VIFF 2018—Talented filmmaker David Robert Mitchell's third, sprawling feature is a seductively surreal mood piece of scrapped together subplots of paranoia, secrets, and conspiracies. Under the Silver Lake is a hazy mishmash pastiche of modern neo-noir and hipster remix of decadent Hollywood tropes by way of La La Land.
Set across the eastside of Los Angeles, we follow Andrew Garfield as the boyish slacker Sam who becomes an amateur but obsessive sleuth when his starlet neighbour, Riley Keough channelling Marilyn Monroe, suddenly disappears overnight without explanation. His offbeat investigation into the seedy but lavish underbelly of young, affluent party scene uncovers hidden messages and strange ties to the wealthy.

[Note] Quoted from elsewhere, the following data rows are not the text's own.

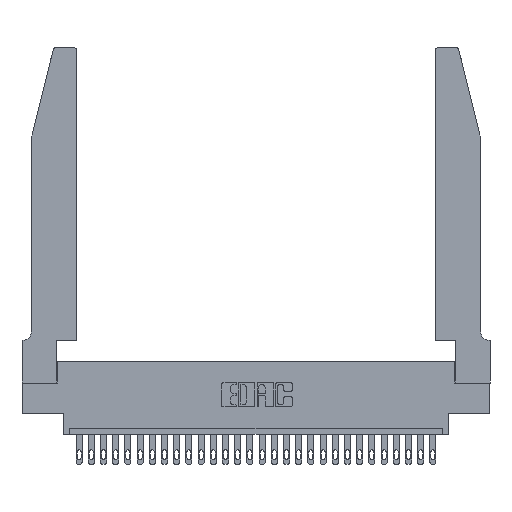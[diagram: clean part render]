
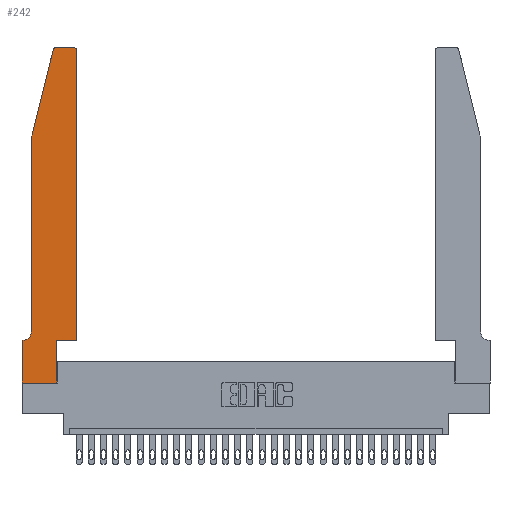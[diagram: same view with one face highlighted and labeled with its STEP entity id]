
A CAD part, top view. The second image highlights one B-rep face of the part: STEP entity #242.
In plain terms, the highlighted planar face has unit normal (0, 0, 1).
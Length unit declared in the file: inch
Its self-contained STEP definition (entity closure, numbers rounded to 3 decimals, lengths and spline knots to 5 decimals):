
#242 = ADVANCED_FACE ( 'NONE', ( #2490 ), #16735, .T. ) ;
#716 = CARTESIAN_POINT ( 'NONE',  ( 0., 0., 0.37 ) ) ;
#892 = ORIENTED_EDGE ( 'NONE', *, *, #23273, .T. ) ;
#907 = CIRCLE ( 'NONE', #4969, 0.07 ) ;
#911 = DIRECTION ( 'NONE',  ( 0., 0., 1. ) ) ;
#1013 = VERTEX_POINT ( 'NONE', #18738 ) ;
#1201 = CARTESIAN_POINT ( 'NONE',  ( 0.2605, 2.75, 0.37 ) ) ;
#1380 = EDGE_CURVE ( 'NONE', #23697, #27478, #28367, .T. ) ;
#1427 = EDGE_CURVE ( 'NONE', #24620, #23313, #7642, .T. ) ;
#1840 = CIRCLE ( 'NONE', #15924, 0.03 ) ;
#2091 = VECTOR ( 'NONE', #9697, 39.37008 ) ;
#2478 = VERTEX_POINT ( 'NONE', #21255 ) ;
#2490 = FACE_OUTER_BOUND ( 'NONE', #6162, .T. ) ;
#2899 = CARTESIAN_POINT ( 'NONE',  ( 0.4505, 2.72, 0.37 ) ) ;
#3054 = CARTESIAN_POINT ( 'NONE',  ( 0.0755, 0.35, 0.37 ) ) ;
#3485 = CARTESIAN_POINT ( 'NONE',  ( 0.2865, 0., 0.37 ) ) ;
#3501 = DIRECTION ( 'NONE',  ( 0., 0., 1. ) ) ;
#4969 = AXIS2_PLACEMENT_3D ( 'NONE', #19437, #10527, #26196 ) ;
#5803 = CARTESIAN_POINT ( 'NONE',  ( 0.2865, 0.35, 0.37 ) ) ;
#5899 = VERTEX_POINT ( 'NONE', #3485 ) ;
#5921 = DIRECTION ( 'NONE',  ( 1., 0., 0. ) ) ;
#6162 = EDGE_LOOP ( 'NONE', ( #19302, #18063, #17550, #7896, #12697, #7190, #12537, #892, #22491, #7067, #25166, #6693 ) ) ;
#6391 = CARTESIAN_POINT ( 'NONE',  ( 0.2865, 0.35, 0.37 ) ) ;
#6693 = ORIENTED_EDGE ( 'NONE', *, *, #1427, .T. ) ;
#7067 = ORIENTED_EDGE ( 'NONE', *, *, #8748, .T. ) ;
#7190 = ORIENTED_EDGE ( 'NONE', *, *, #28896, .T. ) ;
#7455 = DIRECTION ( 'NONE',  ( 0., -1., 0. ) ) ;
#7642 = CIRCLE ( 'NONE', #13708, 0.03 ) ;
#7775 = EDGE_CURVE ( 'NONE', #27478, #26887, #907, .T. ) ;
#7832 = DIRECTION ( 'NONE',  ( -1., 0., 0. ) ) ;
#7896 = ORIENTED_EDGE ( 'NONE', *, *, #1380, .T. ) ;
#8748 = EDGE_CURVE ( 'NONE', #15612, #2478, #16930, .T. ) ;
#8968 = VECTOR ( 'NONE', #21064, 39.37008 ) ;
#9171 = VECTOR ( 'NONE', #27516, 39.37008 ) ;
#9288 = VECTOR ( 'NONE', #16328, 39.37008 ) ;
#9697 = DIRECTION ( 'NONE',  ( -0.239, -0.971, 0. ) ) ;
#10011 = AXIS2_PLACEMENT_3D ( 'NONE', #19107, #911, #25450 ) ;
#10527 = DIRECTION ( 'NONE',  ( 0., 0., -1. ) ) ;
#10610 = DIRECTION ( 'NONE',  ( 0., 1., 0. ) ) ;
#10732 = EDGE_CURVE ( 'NONE', #23313, #23993, #18174, .T. ) ;
#11538 = CARTESIAN_POINT ( 'NONE',  ( 0.0755, 2., 0.37 ) ) ;
#11693 = LINE ( 'NONE', #716, #9288 ) ;
#12253 = CARTESIAN_POINT ( 'NONE',  ( 0.0755, 2., 0.37 ) ) ;
#12343 = VECTOR ( 'NONE', #14955, 39.37008 ) ;
#12537 = ORIENTED_EDGE ( 'NONE', *, *, #23485, .T. ) ;
#12587 = EDGE_CURVE ( 'NONE', #5899, #15612, #13140, .T. ) ;
#12692 = CARTESIAN_POINT ( 'NONE',  ( 0.0755, 0.42, 0.37 ) ) ;
#12697 = ORIENTED_EDGE ( 'NONE', *, *, #7775, .T. ) ;
#13091 = DIRECTION ( 'NONE',  ( 0., 1., 0. ) ) ;
#13140 = LINE ( 'NONE', #5803, #27180 ) ;
#13497 = CARTESIAN_POINT ( 'NONE',  ( 0.4205, 2.75, 0.37 ) ) ;
#13708 = AXIS2_PLACEMENT_3D ( 'NONE', #19247, #3501, #5921 ) ;
#14952 = CARTESIAN_POINT ( 'NONE',  ( 0.4505, 0.35, 0.37 ) ) ;
#14955 = DIRECTION ( 'NONE',  ( 1., 0., 0. ) ) ;
#15612 = VERTEX_POINT ( 'NONE', #6391 ) ;
#15924 = AXIS2_PLACEMENT_3D ( 'NONE', #27009, #22429, #22805 ) ;
#16328 = DIRECTION ( 'NONE',  ( 0., -1., 0. ) ) ;
#16735 = PLANE ( 'NONE',  #10011 ) ;
#16930 = LINE ( 'NONE', #28448, #12343 ) ;
#17445 = CARTESIAN_POINT ( 'NONE',  ( 0.0055, 0.35, 0.37 ) ) ;
#17550 = ORIENTED_EDGE ( 'NONE', *, *, #21002, .T. ) ;
#18063 = ORIENTED_EDGE ( 'NONE', *, *, #20147, .T. ) ;
#18174 = LINE ( 'NONE', #1201, #28412 ) ;
#18581 = CARTESIAN_POINT ( 'NONE',  ( 0.284, 2.75, 0.37 ) ) ;
#18738 = CARTESIAN_POINT ( 'NONE',  ( 0.25487, 2.72718, 0.37 ) ) ;
#19107 = CARTESIAN_POINT ( 'NONE',  ( 0., 0.35, 0.37 ) ) ;
#19195 = EDGE_CURVE ( 'NONE', #2478, #24620, #22055, .T. ) ;
#19247 = CARTESIAN_POINT ( 'NONE',  ( 0.4205, 2.72, 0.37 ) ) ;
#19302 = ORIENTED_EDGE ( 'NONE', *, *, #10732, .T. ) ;
#19437 = CARTESIAN_POINT ( 'NONE',  ( 0.0055, 0.42, 0.37 ) ) ;
#20147 = EDGE_CURVE ( 'NONE', #23993, #1013, #1840, .T. ) ;
#20851 = CARTESIAN_POINT ( 'NONE',  ( 0.0755, 2., 0.37 ) ) ;
#21002 = EDGE_CURVE ( 'NONE', #1013, #23697, #23442, .T. ) ;
#21064 = DIRECTION ( 'NONE',  ( 1., 0., 0. ) ) ;
#21255 = CARTESIAN_POINT ( 'NONE',  ( 0.4505, 0.35, 0.37 ) ) ;
#22055 = LINE ( 'NONE', #14952, #22707 ) ;
#22429 = DIRECTION ( 'NONE',  ( 0., 0., 1. ) ) ;
#22491 = ORIENTED_EDGE ( 'NONE', *, *, #12587, .T. ) ;
#22707 = VECTOR ( 'NONE', #13091, 39.37008 ) ;
#22805 = DIRECTION ( 'NONE',  ( 1., 0., 0. ) ) ;
#23273 = EDGE_CURVE ( 'NONE', #26512, #5899, #24714, .T. ) ;
#23313 = VERTEX_POINT ( 'NONE', #13497 ) ;
#23442 = LINE ( 'NONE', #11538, #2091 ) ;
#23485 = EDGE_CURVE ( 'NONE', #24677, #26512, #11693, .T. ) ;
#23697 = VERTEX_POINT ( 'NONE', #12253 ) ;
#23993 = VERTEX_POINT ( 'NONE', #18581 ) ;
#24620 = VERTEX_POINT ( 'NONE', #2899 ) ;
#24677 = VERTEX_POINT ( 'NONE', #28941 ) ;
#24714 = LINE ( 'NONE', #27726, #8968 ) ;
#24814 = CARTESIAN_POINT ( 'NONE',  ( 0., 0., 0.37 ) ) ;
#25166 = ORIENTED_EDGE ( 'NONE', *, *, #19195, .T. ) ;
#25450 = DIRECTION ( 'NONE',  ( 1., 0., 0. ) ) ;
#26196 = DIRECTION ( 'NONE',  ( -1., 0., 0. ) ) ;
#26512 = VERTEX_POINT ( 'NONE', #24814 ) ;
#26887 = VERTEX_POINT ( 'NONE', #17445 ) ;
#27009 = CARTESIAN_POINT ( 'NONE',  ( 0.284, 2.72, 0.37 ) ) ;
#27180 = VECTOR ( 'NONE', #10610, 39.37008 ) ;
#27478 = VERTEX_POINT ( 'NONE', #12692 ) ;
#27516 = DIRECTION ( 'NONE',  ( -1., 0., 0. ) ) ;
#27621 = VECTOR ( 'NONE', #7455, 39.37008 ) ;
#27726 = CARTESIAN_POINT ( 'NONE',  ( 0., 0., 0.37 ) ) ;
#28367 = LINE ( 'NONE', #20851, #27621 ) ;
#28412 = VECTOR ( 'NONE', #7832, 39.37008 ) ;
#28448 = CARTESIAN_POINT ( 'NONE',  ( 0.4505, 0.35, 0.37 ) ) ;
#28485 = LINE ( 'NONE', #3054, #9171 ) ;
#28896 = EDGE_CURVE ( 'NONE', #26887, #24677, #28485, .T. ) ;
#28941 = CARTESIAN_POINT ( 'NONE',  ( 0., 0.35, 0.37 ) ) ;
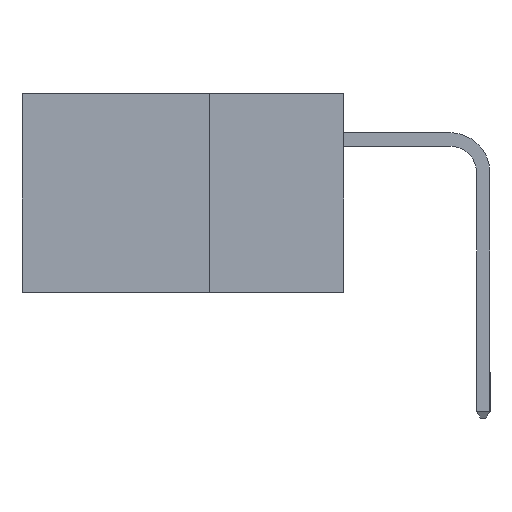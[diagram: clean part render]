
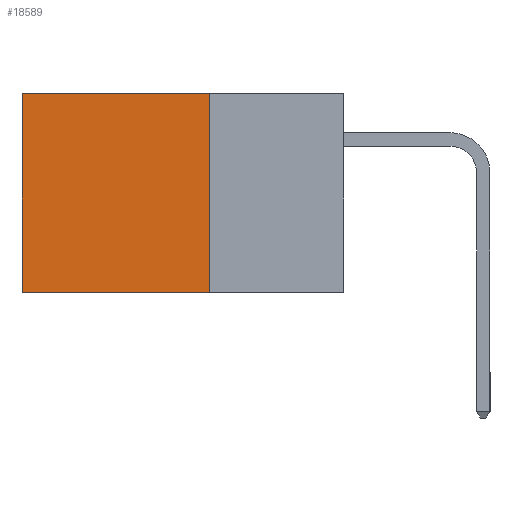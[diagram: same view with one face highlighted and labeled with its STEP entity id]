
A CAD part, left-side view. The second image highlights one B-rep face of the part: STEP entity #18589.
In plain terms, the highlighted planar face has unit normal (-1, 0, 0).
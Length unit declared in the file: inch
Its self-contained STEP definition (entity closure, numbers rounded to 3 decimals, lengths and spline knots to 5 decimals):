
#692 = DIRECTION ( 'NONE',  ( 1., 0., 0. ) ) ;
#1110 = VECTOR ( 'NONE', #4882, 39.37008 ) ;
#3337 = EDGE_LOOP ( 'NONE', ( #21907, #8122, #11441, #19299 ) ) ;
#3561 = EDGE_CURVE ( 'NONE', #12303, #6107, #20662, .T. ) ;
#4045 = CARTESIAN_POINT ( 'NONE',  ( 0.298, 0.25, -0.37 ) ) ;
#4882 = DIRECTION ( 'NONE',  ( 0., 0., -1. ) ) ;
#5588 = VECTOR ( 'NONE', #7385, 39.37008 ) ;
#5872 = AXIS2_PLACEMENT_3D ( 'NONE', #7417, #692, #7344 ) ;
#6041 = DIRECTION ( 'NONE',  ( 0., 1., 0. ) ) ;
#6107 = VERTEX_POINT ( 'NONE', #12417 ) ;
#6580 = VERTEX_POINT ( 'NONE', #14096 ) ;
#6591 = CARTESIAN_POINT ( 'NONE',  ( 0.298, 0.6, 0. ) ) ;
#7272 = FACE_OUTER_BOUND ( 'NONE', #3337, .T. ) ;
#7344 = DIRECTION ( 'NONE',  ( 0., 0., -1. ) ) ;
#7385 = DIRECTION ( 'NONE',  ( 0., 1., 0. ) ) ;
#7417 = CARTESIAN_POINT ( 'NONE',  ( 0.298, 0.25, 0. ) ) ;
#8122 = ORIENTED_EDGE ( 'NONE', *, *, #16086, .F. ) ;
#10761 = EDGE_CURVE ( 'NONE', #16242, #6580, #15560, .T. ) ;
#11339 = DIRECTION ( 'NONE',  ( 0., 0., -1. ) ) ;
#11441 = ORIENTED_EDGE ( 'NONE', *, *, #3561, .F. ) ;
#12303 = VERTEX_POINT ( 'NONE', #14629 ) ;
#12417 = CARTESIAN_POINT ( 'NONE',  ( 0.298, 0.25, -0.37 ) ) ;
#12716 = PLANE ( 'NONE',  #5872 ) ;
#13416 = CARTESIAN_POINT ( 'NONE',  ( 0.298, 0.6, 0. ) ) ;
#14096 = CARTESIAN_POINT ( 'NONE',  ( 0.298, 0.6, -0.37 ) ) ;
#14629 = CARTESIAN_POINT ( 'NONE',  ( 0.298, 0.25, 0. ) ) ;
#14650 = CARTESIAN_POINT ( 'NONE',  ( 0.298, 0.25, 0. ) ) ;
#15560 = LINE ( 'NONE', #6591, #1110 ) ;
#16086 = EDGE_CURVE ( 'NONE', #6107, #6580, #17613, .T. ) ;
#16242 = VERTEX_POINT ( 'NONE', #13416 ) ;
#16528 = VECTOR ( 'NONE', #6041, 39.37008 ) ;
#16706 = VECTOR ( 'NONE', #11339, 39.37008 ) ;
#17613 = LINE ( 'NONE', #4045, #16528 ) ;
#17620 = LINE ( 'NONE', #20652, #5588 ) ;
#18589 = ADVANCED_FACE ( 'NONE', ( #7272 ), #12716, .F. ) ;
#19299 = ORIENTED_EDGE ( 'NONE', *, *, #20382, .T. ) ;
#20382 = EDGE_CURVE ( 'NONE', #12303, #16242, #17620, .T. ) ;
#20652 = CARTESIAN_POINT ( 'NONE',  ( 0.298, 0.25, 0. ) ) ;
#20662 = LINE ( 'NONE', #14650, #16706 ) ;
#21907 = ORIENTED_EDGE ( 'NONE', *, *, #10761, .T. ) ;
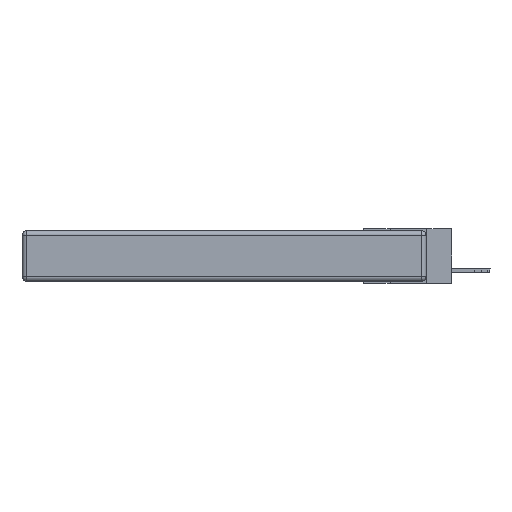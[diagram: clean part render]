
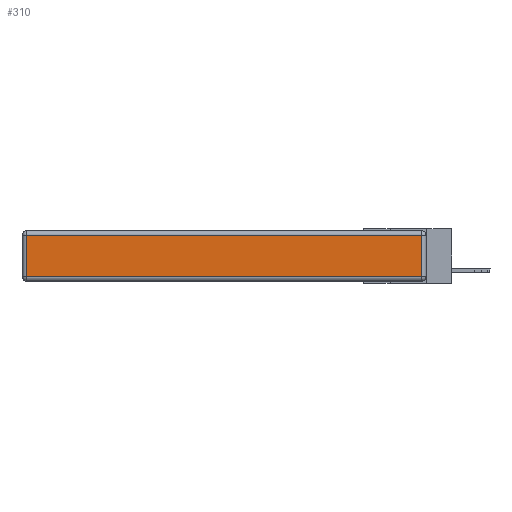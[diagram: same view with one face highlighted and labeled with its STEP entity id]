
A CAD part, left-side view. The second image highlights one B-rep face of the part: STEP entity #310.
In plain terms, the highlighted planar face has unit normal (-1, 0, 0).
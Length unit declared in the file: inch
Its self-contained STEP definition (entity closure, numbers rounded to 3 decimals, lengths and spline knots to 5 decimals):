
#116 = DIRECTION ( 'NONE',  ( 0., 1., 0. ) ) ;
#310 = ADVANCED_FACE ( 'NONE', ( #9126 ), #2979, .T. ) ;
#355 = DIRECTION ( 'NONE',  ( 0., 0., 1. ) ) ;
#733 = ORIENTED_EDGE ( 'NONE', *, *, #12509, .T. ) ;
#1388 = CARTESIAN_POINT ( 'NONE',  ( 0., 0.03, -0.03 ) ) ;
#1414 = ORIENTED_EDGE ( 'NONE', *, *, #11824, .T. ) ;
#1596 = VERTEX_POINT ( 'NONE', #8370 ) ;
#1909 = LINE ( 'NONE', #14400, #7045 ) ;
#2742 = CARTESIAN_POINT ( 'NONE',  ( 0., 0., -0.343 ) ) ;
#2979 = PLANE ( 'NONE',  #8669 ) ;
#3064 = EDGE_CURVE ( 'NONE', #5934, #12374, #6732, .T. ) ;
#3656 = CARTESIAN_POINT ( 'NONE',  ( 0., 2.72, -0.343 ) ) ;
#4066 = DIRECTION ( 'NONE',  ( -1., 0., 0. ) ) ;
#4663 = CARTESIAN_POINT ( 'NONE',  ( 0., 2.72, -0.03 ) ) ;
#4670 = ORIENTED_EDGE ( 'NONE', *, *, #5881, .T. ) ;
#5603 = LINE ( 'NONE', #5982, #16171 ) ;
#5881 = EDGE_CURVE ( 'NONE', #12374, #9298, #1909, .T. ) ;
#5934 = VERTEX_POINT ( 'NONE', #6815 ) ;
#5982 = CARTESIAN_POINT ( 'NONE',  ( 0., 0., -0.313 ) ) ;
#6732 = LINE ( 'NONE', #11136, #16640 ) ;
#6815 = CARTESIAN_POINT ( 'NONE',  ( 0., 0.03, -0.313 ) ) ;
#7045 = VECTOR ( 'NONE', #116, 39.37008 ) ;
#8370 = CARTESIAN_POINT ( 'NONE',  ( 0., 2.72, -0.313 ) ) ;
#8669 = AXIS2_PLACEMENT_3D ( 'NONE', #2742, #4066, #355 ) ;
#9126 = FACE_OUTER_BOUND ( 'NONE', #9827, .T. ) ;
#9298 = VERTEX_POINT ( 'NONE', #4663 ) ;
#9827 = EDGE_LOOP ( 'NONE', ( #1414, #11510, #4670, #733 ) ) ;
#9885 = VECTOR ( 'NONE', #15249, 39.37008 ) ;
#11136 = CARTESIAN_POINT ( 'NONE',  ( 0., 0.03, -0.343 ) ) ;
#11510 = ORIENTED_EDGE ( 'NONE', *, *, #3064, .T. ) ;
#11824 = EDGE_CURVE ( 'NONE', #1596, #5934, #5603, .T. ) ;
#12209 = DIRECTION ( 'NONE',  ( 0., 0., 1. ) ) ;
#12374 = VERTEX_POINT ( 'NONE', #1388 ) ;
#12509 = EDGE_CURVE ( 'NONE', #9298, #1596, #13704, .T. ) ;
#13158 = DIRECTION ( 'NONE',  ( 0., -1., 0. ) ) ;
#13704 = LINE ( 'NONE', #3656, #9885 ) ;
#14400 = CARTESIAN_POINT ( 'NONE',  ( 0., 2.75, -0.03 ) ) ;
#15249 = DIRECTION ( 'NONE',  ( 0., 0., -1. ) ) ;
#16171 = VECTOR ( 'NONE', #13158, 39.37008 ) ;
#16640 = VECTOR ( 'NONE', #12209, 39.37008 ) ;

The abstract film is populated with amusing side characters mirroring different shady elements of the less glamorous side of L.A. including Topher Grace, Zosia Mamet, Grace Van Patten, and Jimmi Simpson. All of the characters play into updated archetypes that feed into the random but illusive mysteries peppered throughout the densely laid out story.
Somehow the narrative manages to be both timely with its hip East L.A. vibe and endlessly nostalgic down to the shot choices, classic film transitions, and stylish post-modern bent. Mitchell doesn't even try to explain anything but only builds a strange, interconnected pastiche of disparate elements that lead Sam into bizarre situations full of sexual detours while indulging his geek hobbies.
Mitchell goes too far down the rabbit hole as his shiny sunshine noir riff strays beyond its influences. By its unravelling third act, Under the Silver Lake descends into a shaggy, meandering exploration of its protagonist's own anxieties. There is so much talent and intrigue, but where the interconnected mysteries go with the repeated motifs leads to a series of unsatisfying resolutions.
Under the Silver Lake is screening at the 2018 Vancouver International Film Festival as part of the Altered States (ALT) stream.